The dream job
In the early years of Airstream Life magazine I was often asked by people how I was “so lucky” to get the job I have. To tell the truth, there wasn’t much luck involved. It was a matter of necessity meeting inspiration. I quit a perfectly good job in another industry because I was burned out, and stared out the window of my home office for a month trying to figure out what to do next.
No brilliant ideas came to mind, so I began working up a list of criteria for the next thing I wanted to do. It was December, and our 1968 Airstream Caravel was sitting out in driveway, waiting out the gray winter gloom until it could be de-winterized and used again. (See photo at right of three-year-old Emma and I shoveling the snow off our deck on a typical December afternoon. We were doing this so that I could fire up the outdoor grill. Such are the lengths that we would go, in order to break the monotony of winter.)
I thought back to the brilliant few weeks we had enjoyed with the Caravel in the summer, traveling all over the northeast states and Quebec, and I decided that the first requirement of my next job would be that I’d have the ability to keep using the Airstream frequently with my wife and toddler.
This seemed utterly unrealistic but brainstorming isn’t the time to be realistic. So I plowed on to the next criteria: I wanted a job where I would be my own boss again, where I could have the opportunity to write creatively, and which I could do from anywhere. Publishing felt like a good path to achieve all of this, but my publishing experience up to that point was strictly business-to-business newsletters of the deadly boring variety. If I were to re-enter that industry I wanted to publish something that I wanted to read. All of this led to the eventual concept of Airstream Life — a dream job where I could travel (nay, would be required to travel) via Airstream and have the freedom that comes with being my own boss.

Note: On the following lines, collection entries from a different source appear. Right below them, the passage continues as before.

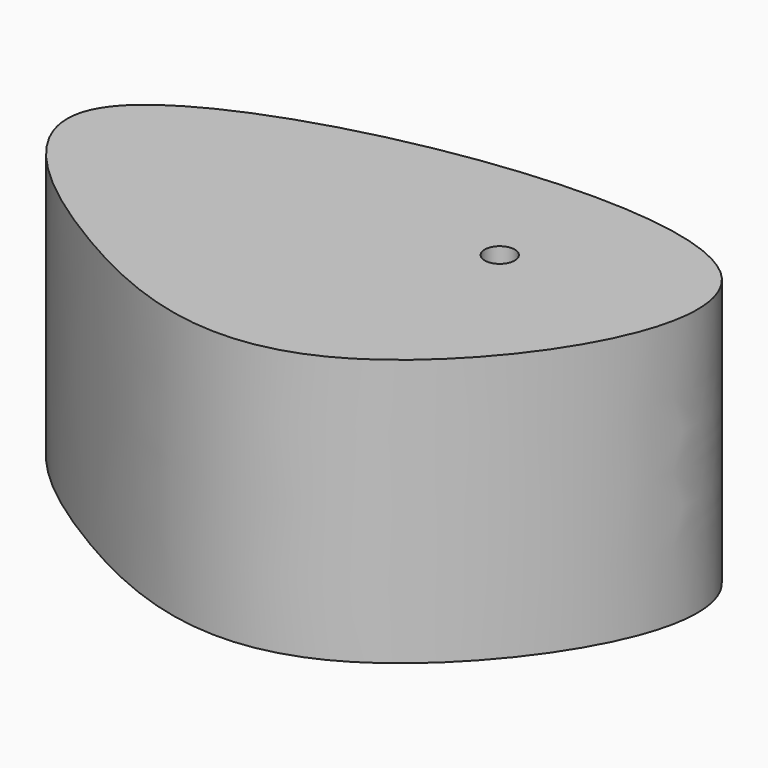
from build123d import *

# Parameters (mm, degrees)
F1_DEPTH = 56.61061
F4_D     = 6.35


# Not quite as in the source:
# - the program builds the solid bodies; features that only make, move or delete a surface that nothing else refers to are left out


with BuildPart() as f1:
    # F0 (on Top) → F1 (new body)
    with BuildSketch(Plane.XY):
        with BuildLine():
            add(Edge.make_bspline(
                [(-76.1927515268, -11.1532108858), (-94.4367577585, -0.4668757066), (-143.1214573776, 38.7984332094), (56.6380279203, 75.270590056), (-15.4747114675, -35.8843276344), (-55.7508781473, -23.1269357273), (-76.1927515268, -11.1532108858)],
                knots=[0, 0, 0, 0, 0.2050451004, 0.5264276013, 0.7702529846, 1, 1, 1, 1], degree=3))
        make_face()
    extrude(amount=F1_DEPTH)

    # F4 (through all)
    with Locations(Plane.XY.offset(56.61061)):
        with Locations((-20.2039089054, 27.292644605)):
            Hole(F4_D / 2)


solid = f1.part
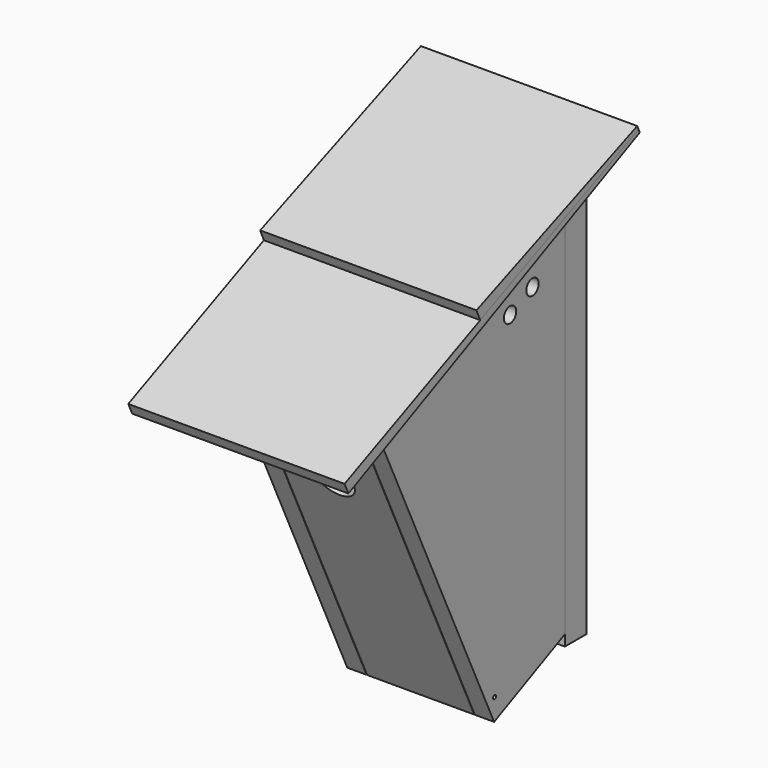
from build123d import *

# Parameters (mm, degrees)
F1_DEPTH       = 355.6
F3_DEPTH       = 60.326
F3_DEPTH_BACK  = 60.326
F5_DEPTH       = 44.45
F7_DEPTH       = 44.45
F8_R           = 1.5875
F8_R_2         = 6.35
F9_DEPTH       = 15.875
F10_R          = 1.5875
F10_R_2        = 6.35
F11_DEPTH      = 15.875
F13_DEPTH      = 15.875
F14_R          = 1.5875
F15_DEPTH      = 25.4
F16_R          = 1.5875
F17_DEPTH      = 25.4
F19_DEPTH      = 88.9
F21_DEPTH      = 88.9
F21_DEPTH_BACK = 88.9
F23_DEPTH      = 60.325
F24_R          = 1.3462
F25_DEPTH      = 38.1
F26_R          = 2.6924
F27_DEPTH      = 0.762
F29_R          = 1.5875
F31_R          = 0.762


with BuildPart() as f1:
    # F0 (on Top) → F1 (new body)
    with BuildSketch(Plane.XY):
        Polygon((60.325, 0), (-60.325, 0), (-60.325, -22.225), (-44.45, -22.225), (-44.45, -38.1), (44.45, -38.1), (44.45, -22.225), (60.325, -22.225), align=None)
    extrude(amount=-F1_DEPTH)

    # F2 (on Right) → F3 (cut, two sides)
    with BuildSketch(Plane.YZ) as f3_sk:
        Polygon((-38.1, -17.7663217757), (0, 0), (-38.1, 0), align=None)
    extrude(amount=-F3_DEPTH, mode=Mode.SUBTRACT)
    extrude(f3_sk.sketch, amount=F3_DEPTH_BACK, mode=Mode.SUBTRACT)


with BuildPart() as f5:
    # F4 (on Right) → F5 (new body, symmetric)
    with BuildSketch(Plane.YZ):
        Polygon((-38.1, -59.8050204882), (-38.1, -17.7663217757), (-209.3013597097, -97.5988268949), (-193.1996039373, -132.129153581), align=None)
    extrude(amount=F5_DEPTH, both=True)


with BuildPart() as f7:
    # F6 (on Right) → F7 (new body, symmetric)
    with BuildSketch(Plane.YZ):
        Polygon((-38.1, -326.5050204882), (-38.1, -284.4663217757), (-107.1493332197, -316.6645546466), (-91.0475774474, -351.1948813327), align=None)
    extrude(amount=F7_DEPTH, both=True)


with BuildPart() as f9:
    # F8 (on face) → F9 (new body, through all)
    with BuildSketch(Plane(origin=(-44.45, 0, 0), x_dir=(0, -1, 0), z_dir=(-1, 0, 0))):
        Polygon((223.6889958289, -104.3078918), (22.225, -10.3636877025), (22.225, -346.6732774023), (94.8749496503, -380.5505052888), align=None)
        with Locations((94.3901964958, -362.808336717)):
            Circle(F8_R, mode=Mode.SUBTRACT)
        with Locations((55.4660997165, -81.9158653491)):
            Circle(F8_R_2, mode=Mode.SUBTRACT)
        with Locations((78.4863175073, -92.6503691973)):
            Circle(F8_R_2, mode=Mode.SUBTRACT)
    extrude(amount=F9_DEPTH)


with BuildPart() as f11:
    # F10 (on face) → F11 (new body, through all)
    with BuildSketch(Plane.YZ.offset(44.45)):
        Polygon((-22.225, -346.6732774023), (-22.225, -10.3636877025), (-223.6889958289, -104.3078918), (-94.8749496503, -380.5505052888), align=None)
        with Locations((-94.3901964958, -362.808336717)):
            Circle(F10_R, mode=Mode.SUBTRACT)
        with Locations((-78.4863175073, -92.6503691973)):
            Circle(F10_R_2, mode=Mode.SUBTRACT)
        with Locations((-55.4660997165, -81.9158653491)):
            Circle(F10_R_2, mode=Mode.SUBTRACT)
    extrude(amount=F11_DEPTH)


with BuildPart() as f13:
    # F12 (on face) → F13 (new body)
    with BuildSketch(Plane(origin=(0, -223.6889958289, -104.3078918), x_dir=(1, 0, 0), z_dir=(0, -0.906307787, -0.4226182617))):
        with BuildLine():
            Line((-2.38125, -6.35), (-44.0436, -6.35))
            Line((-44.0436, -6.35), (-44.0436, -304.8))
            Line((-44.0436, -304.8), (44.0436, -304.8))
            Line((44.0436, -304.8), (44.0436, -6.35))
            Line((44.0436, -6.35), (2.38125, -6.35))
            Line((2.38125, -6.35), (2.38125, -12.7))
            ThreePointArc((2.38125, -12.7), (0, -15.08125), (-2.38125, -12.7))
            Line((-2.38125, -12.7), (-2.38125, -6.35))
        make_face()
        with BuildLine():
            ThreePointArc((17.4625, -90.4875), (0, -107.95), (-17.4625, -90.4875))
            Line((-17.4625, -90.4875), (-17.4625, -68.2625))
            ThreePointArc((-17.4625, -68.2625), (0, -50.8), (17.4625, -68.2625))
            Line((17.4625, -68.2625), (17.4625, -90.4875))
        make_face(mode=Mode.SUBTRACT)
    extrude(amount=-F13_DEPTH)

    # F14 (on face) → F15 (cut)
    with BuildSketch(Plane(origin=(-44.0436, 0, 0), x_dir=(0, -1, 0), z_dir=(-1, 0, 0))):
        with Locations((94.3901964958, -362.808336717)):
            Circle(F14_R)
    extrude(amount=-F15_DEPTH, mode=Mode.SUBTRACT)

    # F16 (on face) → F17 (cut)
    with BuildSketch(Plane.YZ.offset(44.0436)):
        with Locations((-94.3901964958, -362.808336717)):
            Circle(F16_R)
    extrude(amount=-F17_DEPTH, mode=Mode.SUBTRACT)


with BuildPart() as f19:
    # F18 (on Right) → F19 (new body, symmetric)
    with BuildSketch(Plane.YZ):
        Polygon((-284.2382702226, -122.0328074674), (-280.2128312795, -130.6653891389), (19.05, 8.8831608879), (17.708187019, 11.7606881117), align=None)
    extrude(amount=F19_DEPTH, both=True)


with BuildPart() as f21:
    # F20 (on Right) → F21 (new body, two sides)
    with BuildSketch(Plane.YZ) as f21_sk:
        Polygon((-144.8483111348, -60.2686455516), (17.708187019, 11.7606881117), (16.4219489178, 14.6634827216), (-148.7070254382, -51.5602617219), align=None)
    extrude(amount=F21_DEPTH)
    extrude(f21_sk.sketch, amount=-F21_DEPTH_BACK)


with BuildPart() as f23:
    # F22 (on Right) → F23 (new body, symmetric)
    with BuildSketch(Plane.YZ):
        Polygon((19.05, 8.8831608879), (0, 0), (0, -16.5168391121), (19.05, -16.5168391121), align=None)
    extrude(amount=F23_DEPTH, both=True)


with BuildPart() as f25:
    # F24 (on face) → F25 (new body)
    with BuildSketch(Plane(origin=(-60.325, 0, 0), x_dir=(0, -1, 0), z_dir=(-1, 0, 0))):
        with Locations((94.3901964958, -362.808336717)):
            Circle(F24_R)
    extrude(amount=-F25_DEPTH)

    # F26 (on face) → F27 (join)
    with BuildSketch(Plane(origin=(-60.325, 0, 0), x_dir=(0, -1, 0), z_dir=(-1, 0, 0))):
        with Locations((94.3901964958, -362.808336717)):
            Circle(F26_R)
    extrude(amount=F27_DEPTH)


with BuildPart() as f30:
    # F30: sweep along a path in F28
    with BuildLine(Plane.YZ) as f30_path:
        Line((-204.6050142761, -107.6701721783), (-216.1151231714, -113.0374241024))
        ThreePointArc((-216.1151231714, -113.0374241024), (-218.5776898064, -115.7248440056), (-218.4186945357, -119.3664344097))
        Line((-218.4186945357, -119.3664344097), (-216.4059750641, -123.6827252455))
    # F29 (on face) → F30 (sweep)
    with BuildSketch(Plane(origin=(0, -209.3013597097, -97.5988268949), x_dir=(1, 0, 0), z_dir=(0, -0.906307787, -0.4226182617))):
        with Locations((0, -11.1125)):
            Circle(F29_R)
    sweep(path=f30_path.line)

    # F31
    f31_edges = [f30.edges().sort_by_distance(p)[0] for p in [
        (-1.5875, -216.405975, -123.682725),
    ]]
    fillet(f31_edges, radius=F31_R)


solid = Compound([f1.part, f5.part, f7.part, f9.part, f11.part, f13.part, f19.part, f21.part, f23.part, f25.part, f30.part])

But anyone who runs their own business knows it’s not as easy as that. Making a living, managing employees, and balancing work & life are just a few of the huge obstacles that confront any small business owner. It was a long time before Airstream Life was a financially viable business, and even today the unforeseen challenges and hassles continue to pop up on a regular basis. The dream was achieved in some ways, not in others, but overall I feel like we did OK.
One of the decisions I made early on was to have no employees. Everyone who works for Airstream Life is part-time contract, and they all have other jobs or clients (or are otherwise retired). I like this model because I can work with people who are truly self-motivated and need little management, and I can pick the very best people from nearly anywhere in the world and connect with them via the Internet.
The flip side is that it is sometimes difficult to replace those excellent people when they inevitably move on. This past week my assistant notified me that she was going to be leaving effective June 1, for personal reasons, and so my search for a replacement began. She was highly overqualified for the job, but that only meant that the job was done superbly, and so I’ve been talking to some more highly overqualified friends in hopes of finding a similar replacement.
One of them was interested in talking to me about the job, and we set up an appointment for last Sunday afternoon. Jokingly, she said, “I’m not dressing up for the interview,” to which I (also jokingly) replied, “No? At least wear some fishnet stockings — sexual harassment is part of the job, you know.”
“Good thing I have my law degree,” she shot back.
And that’s one of the many reasons I like hiring very experienced people. They aren’t afraid.
I’m also looking for some new contributing writers. One of the magazine’s most popular columns, “eBay Watch” has finally come to an end as the long-time author has decided to stop writing it. I’ve got a new concept for a buy/sell commentary column in mind, but haven’t yet found just the right person to write it. Anyone who is obsessive about scouring eBay, Craigslist, and other online sites for all types of Airstreams and Airstream-related items is invited to send me an introduction letter.
The last person I am seeking to replace is myself. Airstream Life has been the dream job that I wanted, but after seven years of running all aspects of the magazine, it feels like time for a change. I would like to gradually ease out of the Editor’s position and just act as Publisher from now on. Tom Bentley, a long-time contributor to the magazine, is stepping up to take over part of my job, as Associate Editor, and I certainly hope that he (and perhaps another Editor or two) will take on more responsibility in the future.
Replacing one’s self is probably the hardest hiring job ever, but also one of the most necessary for an entrepreneur. Once you’ve got things going well, you can stay in the captain’s chair forever or seek new challenges. But if you stay in place forever, you run the risk that the business will never transcend you. I want Airstream Life to continue after I’m gone (whether working on another project, retired, overseas, or dead, whichever comes first!) so I need to get serious about obsoleting myself.
Beside, I’m not one to sit still. With Alumapalooza and other projects taking up more of my time, I am happy to let someone else enjoy the Editor’s position under my guidance, and eventually with very little oversight. Don’t expect to see me disappear this year or even in 2012, but when I do eventually fade out, send me a note of congratulations because I’ll be happy I succeeded at my most challenging task.